As of Jan 5, carbon dioxide in the atmosphere was 427.49 parts per million, up slightly from 426.46 ppm the previous month, according to the latest available data from the NOAA measured at the Mauna Loa Observatory, a global atmosphere monitoring lab in Hawaii.
The NOAA notes there has been a steady rise in CO2 from under 320 ppm in 1960.

Quick facts:
• The global average temperature in 2023 reached 1.48 C higher than the pre-industrial average, according to the EU’s Copernicus Climate Change Service. In 2024, it breached the 1.5 C threshold at 1.55 C.
• 2025 was the third warmest on record after 2024 and 2023, capping the 11th consecutive warmest years.
• Human activities have raised atmospheric concentrations of CO2 by nearly 49 per cent above pre-industrial levels starting in 1850.
• The world is not on track to meet the Paris Agreement target to keep global temperature from exceeding 1.5 C above pre-industrial levels, the upper limit to avoid the worst fallout from climate change including sea level rise, and more intense drought, heat waves and wildfires.

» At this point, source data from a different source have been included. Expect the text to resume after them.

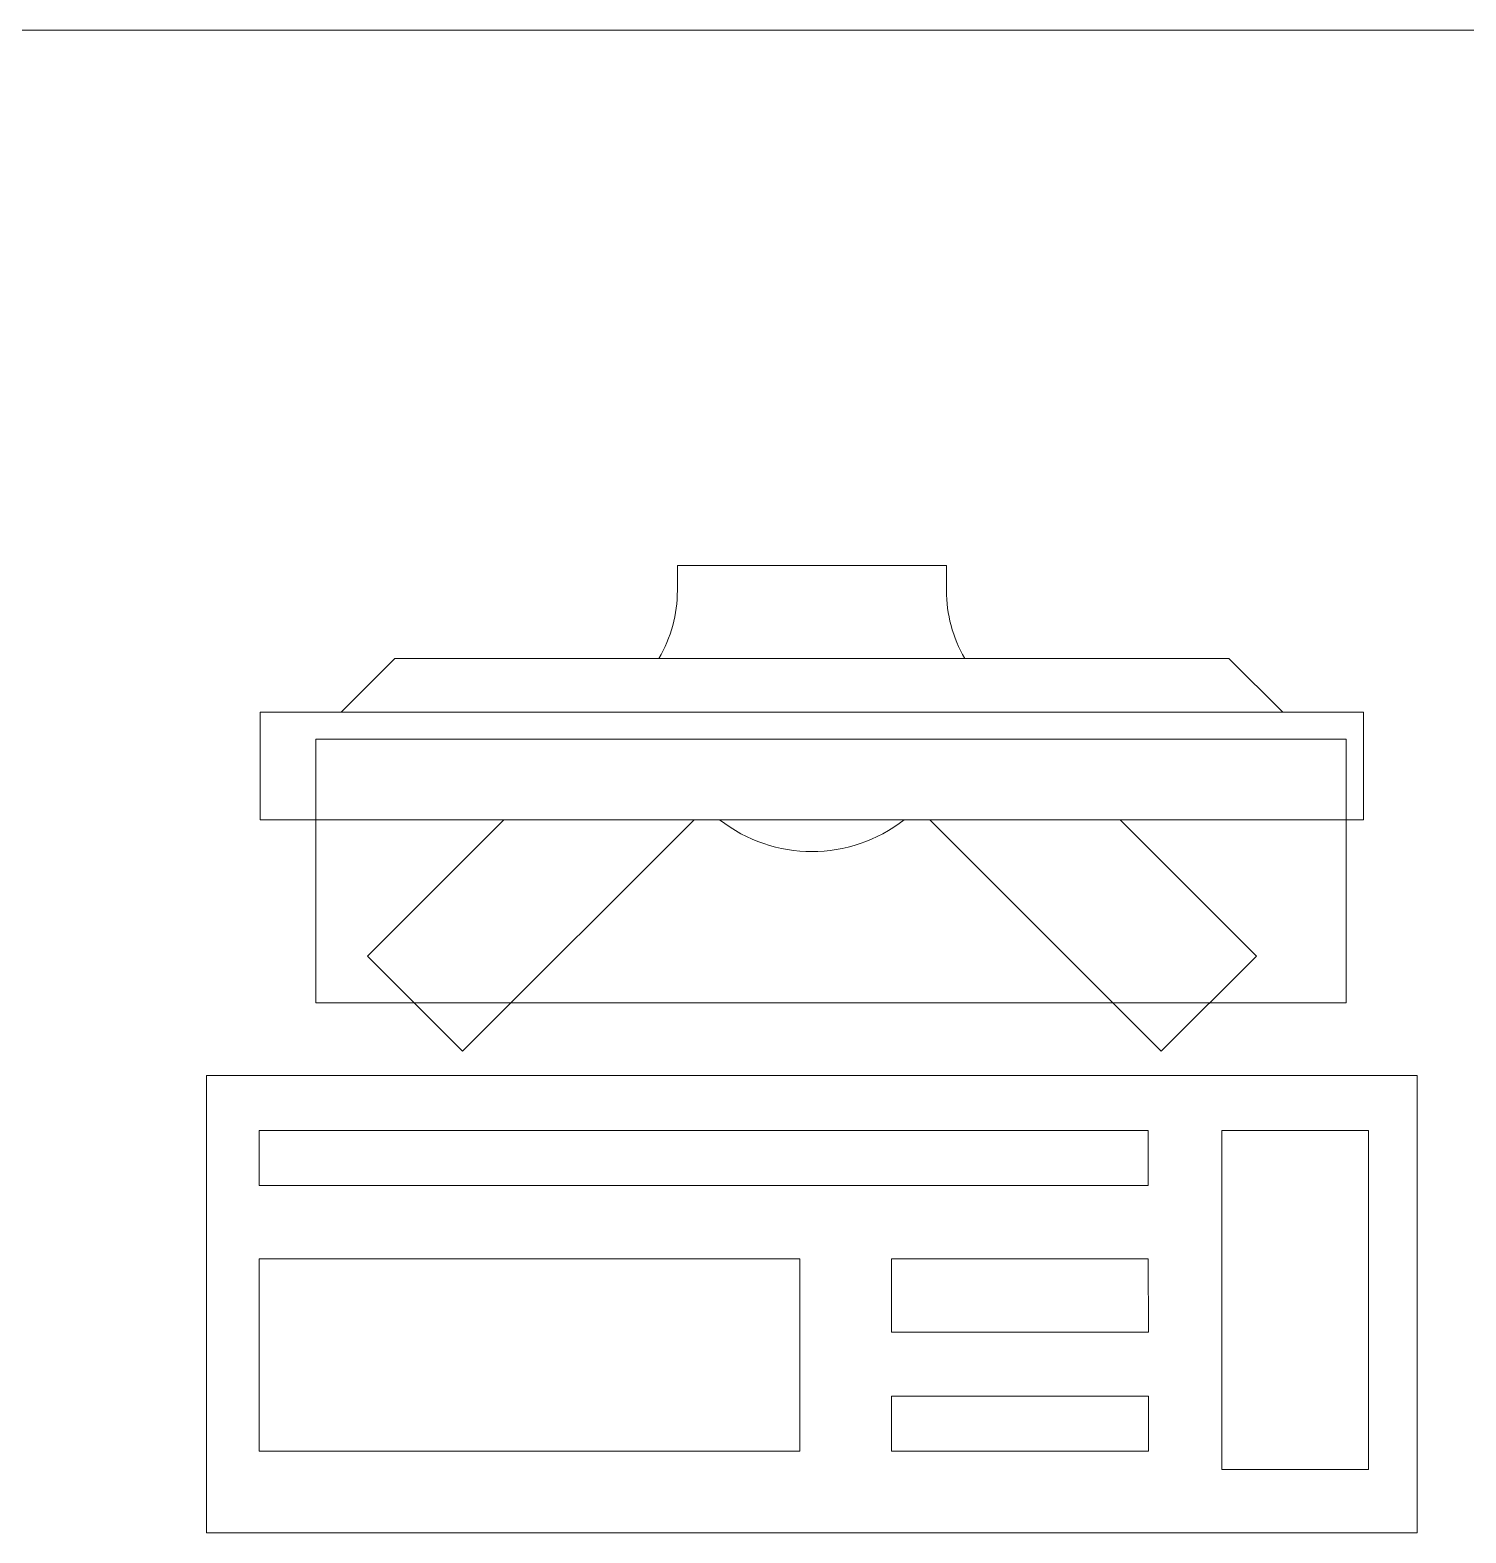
# Model space of a CAD drawing. Header units: metres. Extents: x 75097 to 220695, y -1557923 to -1361206.
# Drawn here: x 168527 to 169060, y -1453751 to -1453193 of the extents above; entities that cross this region are included whole.
import ezdxf

# ---------------------------------------------------------------- set-up
doc = ezdxf.new("R2010")
doc.units = ezdxf.units.M
doc.layers.get('0').update_dxf_attribs({"lineweight": 0})
doc.layers.add('A-100 - Copy$0$Medical Equipment and Furniture', color=8, linetype='Continuous', lineweight=0)

# ---------------------------------------------------------------- blocks, each defined once
blk = doc.blocks.new('A-100 - Copy$0$ITCWLS1-P')
for p, q in [((-0.1699999999364081, 0.4500000000225556), (-0.1699999999982537, 2.18278e-11)), ((-0.1699999999400461, 0.4500000000225556), (5.82077e-11, 0.4500000000007275)), ((5.82077e-11, 0.4500000000007275), (0, 0)), ((-0.1495693687724098, 0.4304734261705086), (-0.1291389324400199, 0.4304734261668706)), ((-0.1291389324400199, 0.4304734261668706), (-0.1291389324433112, 0.4089273506178871)), ((-0.2650894508826422, 0.4300000000221987, 5.3142759e-09), (-0.3050894508816963, 0.4300000000222903, 5.3202569e-09)), ((-0.3050894508816963, 0.4300000000222903, 5.3202569e-09), (-0.305089450880502, 0.0200000000222894, 5.3430671e-09)), ((-0.2650894508826422, 0.4300000000221987, 5.3142759e-09), (-0.2650894508814479, 0.0200000000221979, 5.3370861e-09)), ((-0.1969999999455467, 0.4093850739918707), (-0.2949999999727879, 0.4093850740064229)), ((-0.2949999999691499, 0.0263850739975168), (-0.2949999999145802, 0.4093850740064229)), ((-0.1969999999964784, 0.0263850739866029), (-0.1969999999455467, 0.4093850739918707)), ((-0.3250894508822464, 0.3800000000194237, 5.3257268e-09), (-0.3050894508817641, 0.4000000000198165, 5.3217445e-09)), ((-0.3250894508822464, 0.3800000000194237, 5.3257268e-09), (-0.3250894508808251, 0.0700000000252438, 5.3435783e-09)), ((-0.3503228691952465, 0.2750000000221888), (-0.3596121910766719, 0.2750000000221888)), ((-0.3596121910766719, 0.1750000000221945), (-0.3596121910766719, 0.2750000000221888)), ((-0.350322869195243, 0.1750000000221945), (-0.3596121910766719, 0.1750000000221945)), ((-0.3250894508808251, 0.0700000000252438, 5.3435783e-09), (-0.3050894508804343, 0.0500000000247632, 5.3415795e-09)), ((-0.1969999999964784, 0.0263850739866029), (-0.2949999999727879, 0.0263850739975168)), ((-0.305089450880502, 0.0200000000222894, 5.3430671e-09), (-0.2650894508814479, 0.0200000000221979, 5.3370861e-09)), ((-0.1699999999982537, 2.18278e-11), (0, 0))]:
    blk.add_line(p, q)
at = {"extrusion": (2.482809e-10, 3.18408e-10, -1)}
for p, q in [((-0.2650894508823398, 0.3395227402161751), (-0.2144258003356191, 0.3901863907626434)), ((-0.1790704612763825, 0.3548310517032291), (-0.2144258003356191, 0.3901863907626434)), ((-0.2650894508821587, 0.2688120620979006), (-0.1790704612763825, 0.3548310517032291))]:
    blk.add_line(p, q, dxfattribs=at)
at = {"extrusion": (2.482809e-10, -3.18408e-10, -1)}
for p, q in [((-0.2650894508819313, 0.1811879379462553), (-0.1790704612763826, 0.0951689483411542)), ((-0.2650894508817466, 0.1104772598276042), (-0.2144258003356193, 0.0598136092817398)), ((-0.1790704612763826, 0.0951689483411542), (-0.2144258003356193, 0.0598136092817398))]:
    blk.add_line(p, q, dxfattribs=at)
for points in [[(-0.1291389324433112, 0.4089273506178871), (-0.1291389324869669, 0.0999575913556327), (-0.1495693688193568, 0.0999575913592707), (-0.1495693687724098, 0.4304734261705086)], [(-0.1495684718243585, 0.0999575913592774), (-0.1495690132306086, 0.0999576858905274), (-0.1495695460431087, 0.0999578405780274), (-0.1495700616681087, 0.0999580554217773), (-0.1495705601056086, 0.0999583132342774), (-0.1495710241681086, 0.0999586226092774), (-0.1495714452618585, 0.0999589749530274), (-0.1495718147931085, 0.0999593616717773), (-0.1495721327618585, 0.0999597741717774), (-0.1495724507306085, 0.0999603413592774), (-0.1495726999493586, 0.0999609257342774), (-0.1495728718243586, 0.0999615272967774), (-0.1495729663556086, 0.0999621288592774), (-0.1495729921368586, 0.0999627476092774), (-0.1495729405743585, 0.0999633577655274), (-0.1495728202618586, 0.0999639765155274), (-0.1495726226056085, 0.0999645866717774), (-0.1495723390118585, 0.0999651194842773), (-0.1495720382306086, 0.0999656007342774), (-0.1495716858868586, 0.0999660304217774), (-0.1495713077618587, 0.0999663999530274), (-0.1495708780743586, 0.0999667351092774), (-0.1495703968243586, 0.0999670358905274), (-0.1495698640118587, 0.0999672851092774), (-0.1495692882306087, 0.0999675085467774), (-0.1495686866681086, 0.0999676202655274), (-0.1495680679181085, 0.0999676546405274), (-0.1495674319806085, 0.0999676202655274), (-0.1495667960431085, 0.0999675085467774), (-0.1495661772931086, 0.0999673280780273), (-0.1495655843243585, 0.0999670702655274), (-0.1495650343243585, 0.0999667437030274), (-0.1495645444806085, 0.0999663312030274), (-0.1495641233868586, 0.0999659187030274), (-0.1495637624493585, 0.0999654202655274), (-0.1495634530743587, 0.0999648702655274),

• UNEP’s 2025 Emissions Gap Report, released in early December, shows that even if countries meet emissions targets, global temperatures could still rise by 2.3 C to 2.5 C this century.
• In June 2025, global concentrations of carbon dioxide exceeded 430 parts per million, a record high.
• There is global scientific consensus that the climate is warming and that humans are the cause.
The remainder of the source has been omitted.